Step 4: Use the trained semantic segmentation model for image segmentation to obtain image segmentation results.

2. a kind of edge-aware image semantic segmentation method based on adaptive feature fusion according to claim 1, is characterized in that, described step 2 comprises:

Step 1: Use the ResNet network model as the downsampling stage of the semantic branch, introduce an edge branch in the downsampling stage of the semantic branch, and perform a multi-scale cross-fusion operation on the edge features in the edge branch;

Step 2: Upsampling the output features of the semantic branch downsampling stage, and fuses deep features and shallow features in the upsampling stage to obtain semantic features with rich spatial information;

Step 3: Edge features output by edge branch

and semantic features output by the semantic branch

Perform fusion to obtain the fused feature F'.
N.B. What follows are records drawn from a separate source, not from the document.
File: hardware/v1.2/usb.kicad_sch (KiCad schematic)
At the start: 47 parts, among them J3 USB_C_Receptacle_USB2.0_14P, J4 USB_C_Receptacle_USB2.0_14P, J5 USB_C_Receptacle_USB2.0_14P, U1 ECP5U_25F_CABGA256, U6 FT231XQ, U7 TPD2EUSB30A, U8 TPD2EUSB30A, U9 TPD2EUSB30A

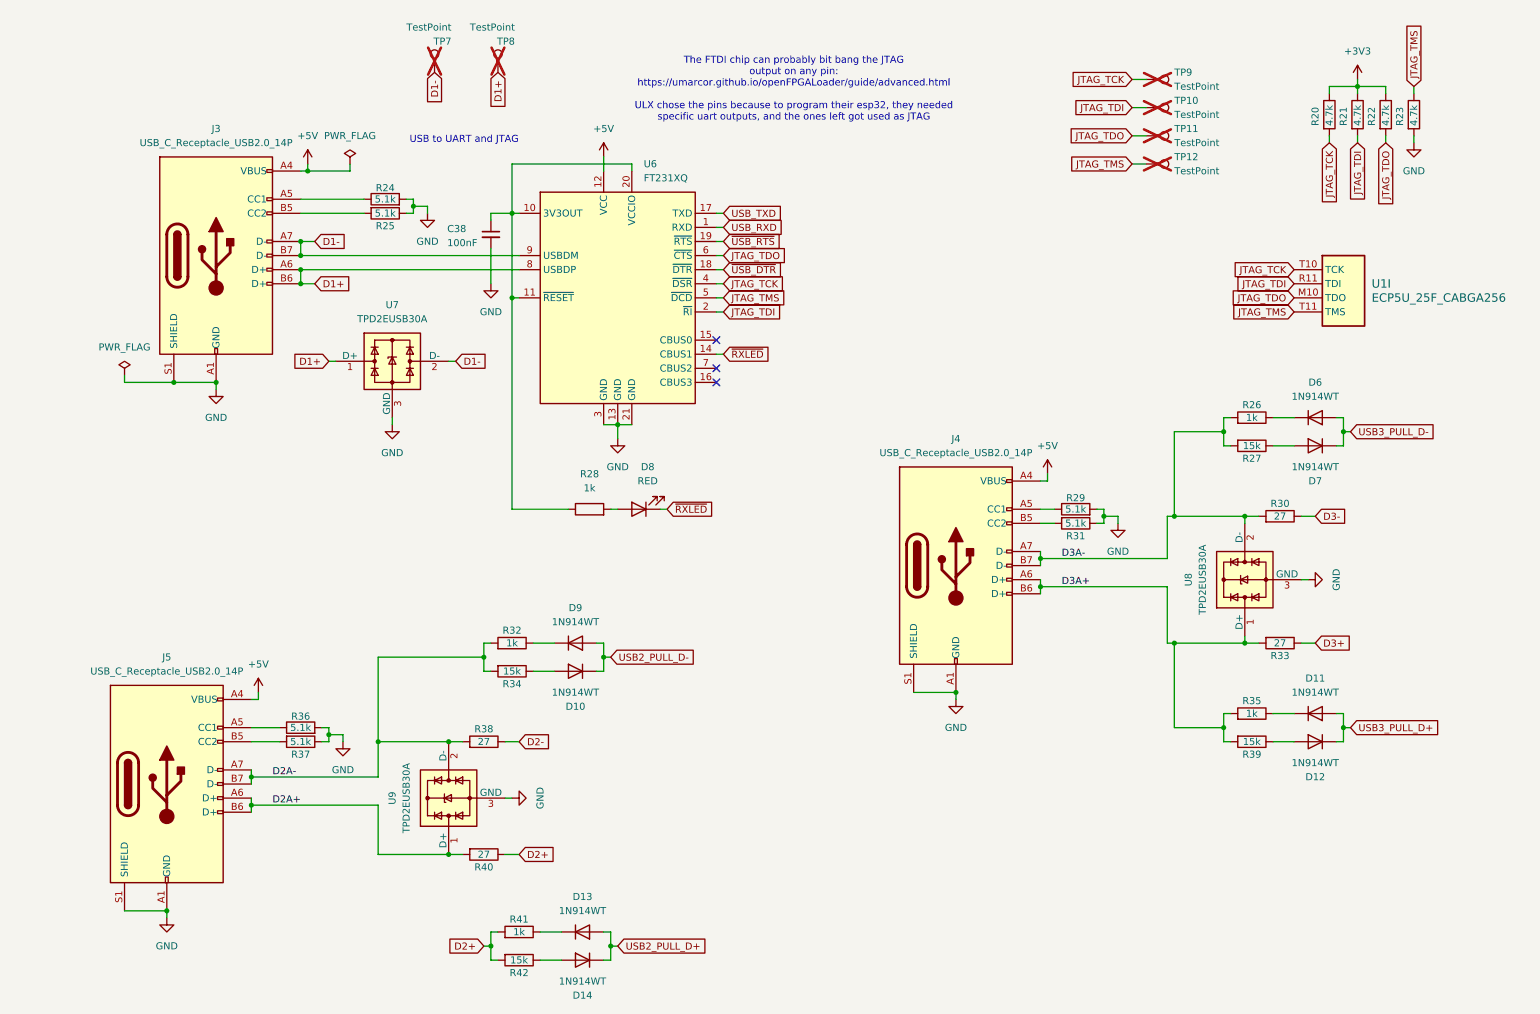
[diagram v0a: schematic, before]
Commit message: Custom ECP5-CABGA256 symbol
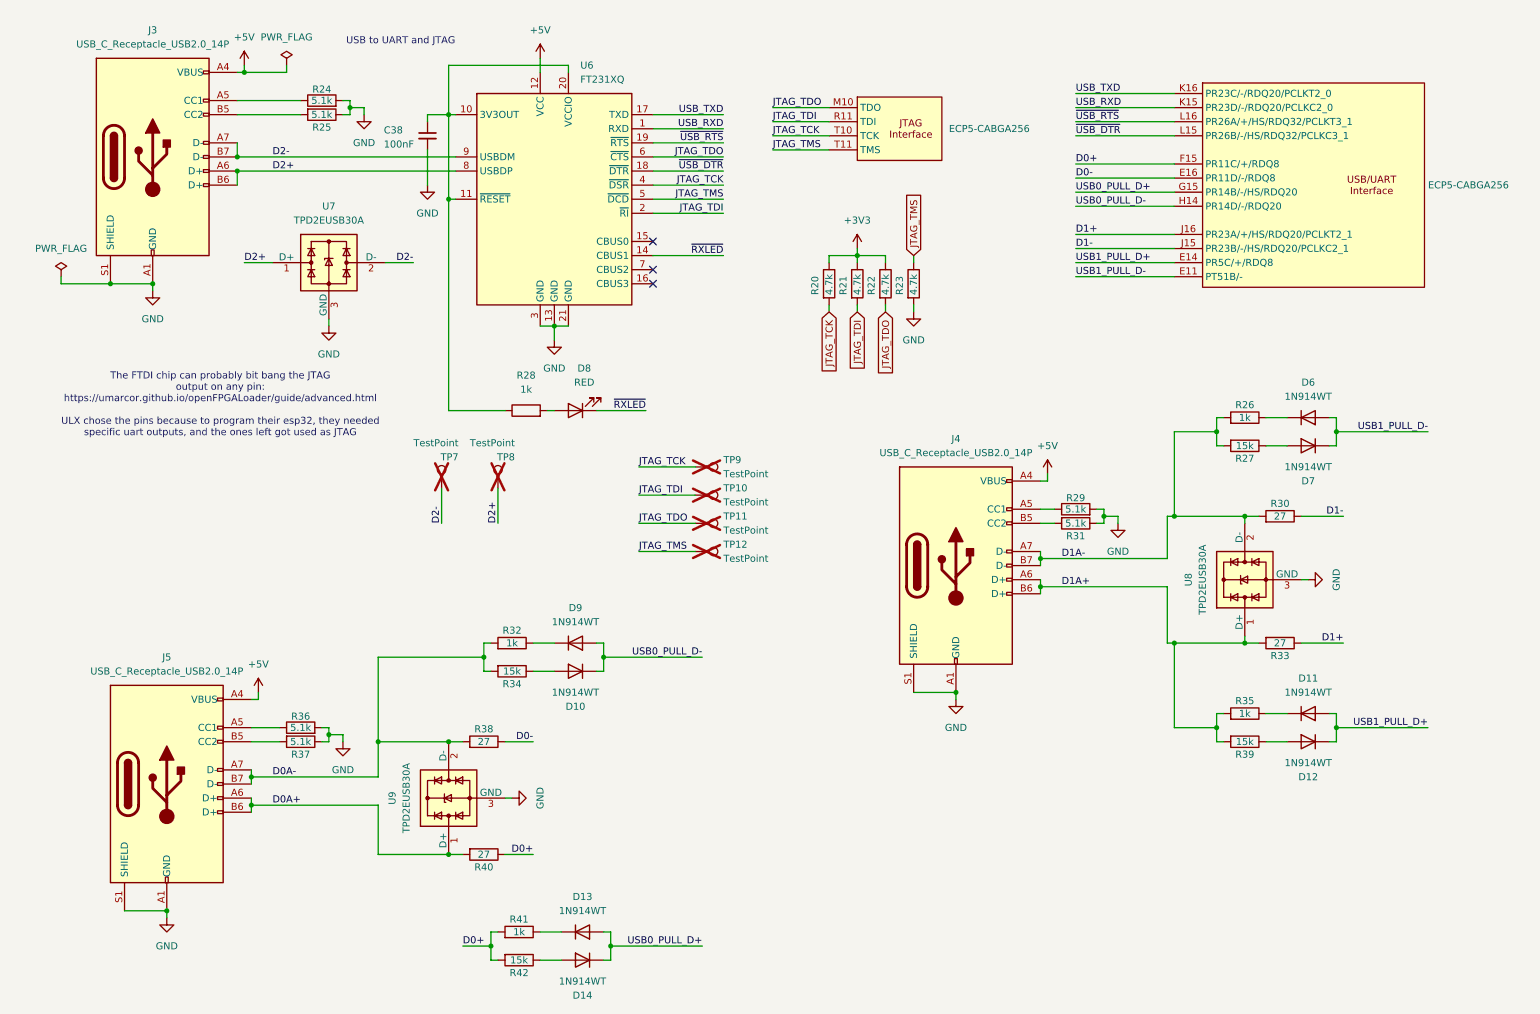
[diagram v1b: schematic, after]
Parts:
- removed U1: ECP5U_25F_CABGA256, Package_BGA:BGA-256_14.0x14.0mm_Layout16x16_P0.8mm_Ball0.45mm_Pad0.32mm_NSMD, symbol josh:ECP5U_12_CABGA256
- added U1: ECP5-CABGA256, Package_BGA:BGA-256_14.0x14.0mm_Layout16x16_P0.8mm_Ball0.45mm_Pad0.32mm_NSMD, symbol icepi-lib:LFE5U-25F-6BG256x
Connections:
- net D3+ is gone; now on net D1+: R33.1
- net D3- is gone; now on net D1-: R30.1
- net D1+: now also U1.J16 (PR23A/+/HS/RDQ20/PCLKT2_1); no longer J3.A6 (D+), J3.B6 (D+), TP8.1, U6.8 (USBDP), U7.1 (D+)
- net D1-: now also U1.J15 (PR23B/-/HS/RDQ20/PCLKC2_1); no longer J3.A7 (D-), J3.B7 (D-), TP7.1, U6.9 (USBDM), U7.2 (D-)
- net D2+: now also J3.A6 (D+), J3.B6 (D+), TP8.1, U6.8 (USBDP), U7.1 (D+); no longer R40.1, R41.2, R42.2
- net D2-: now also J3.A7 (D-), J3.B7 (D-), TP7.1, U6.9 (USBDM), U7.2 (D-); no longer R38.1
- net JTAG_TCK: now also U1.T10 (TCK)
- net JTAG_TDI: now also U1.R11 (TDI)
- net JTAG_TDO: now also U1.M10 (TDO)
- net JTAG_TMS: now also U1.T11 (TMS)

3. a kind of edge-aware image semantic segmentation method based on adaptive feature fusion according to claim 1, is characterized in that, described step 1 comprises:

Step 1.1: Use the shallow feature output from the downsampling stage of the semantic branch as the input feature of the edge branch, and perform convolution processing;

Step 1.2: Use the hole convolution layers with aperture ratios of 7, 5, and 3 to process the edge features respectively, and obtain 3 features F ₁ , F ₂ , and F ₃ ;

Step 1.3: Convolve the feature F ₁ to obtain a new feature F ₁ ';

Step 1.4: fuse the features F ₁ ′ and F ₂ in a splicing manner to obtain a new feature F′ ₂ ;

Step 1.5: fuse the features F′ ₂ and F ₃ in a splicing manner to obtain a new feature F′ ₃ ;

Step 1.6: fuse the features F ₁ ', F' ₂ and F' ₃ in a splicing manner to obtain a new feature F";

Step 1.7: Perform convolution and upsampling on the new feature F" to obtain the final edge feature

4. a kind of edge-aware image semantic segmentation method based on adaptive feature fusion according to claim 1, is characterized in that, described step 2 comprises:

Step 2.1: Obtain 4 features M ₁ , M ₂ , M ₃ , M ₄ from the down-sampling stage of the semantic branch;

Step 2.2: Convolve the feature M ₄ and multiply it with the feature M ₃ to obtain a new feature M′ ₃ ;

Step 2.3: fuse the features M' ₃ and M ₄ in a splicing manner, and obtain the output feature M' ₃ through two layers of convolution processing;

Step 2.4: After performing convolution processing on the output feature M" ₃ , multiply it with the feature M ₂ to obtain a new feature M'₂;

Step 2.5: fuse the feature maps M' ₂ and M" ₃ in a splicing manner, and obtain the output feature M" ₂ through two layers of convolution processing;

Step 2.6: After the output feature M″ ₂ is subjected to convolution processing, it is multiplied with the feature M ₁ to obtain a new feature M′ ₁ ;

Step 2.7: Merge the features M' ₁ and M" ₂ by splicing, and obtain the semantic features output by the semantic branch through two-layer convolution processing

5. a kind of edge-aware image semantic segmentation method based on adaptive feature fusion according to claim 1, is characterized in that, described step 3 comprises:

Step 3.1: Concatenate edge features

and semantic features

Fusion is performed, and then a new feature W' is obtained through convolution processing;

Step 3.2: Perform global pooling, convolution and sigmoid activation on the feature W' in turn to obtain a new feature W ₁ ';

Step 3.3: Multiply the features W' and W ₁ ' to obtain a new feature W'₂;

Step 3.4: Fusing the features W' and W' ₂ in an additive manner to obtain a fused feature F'.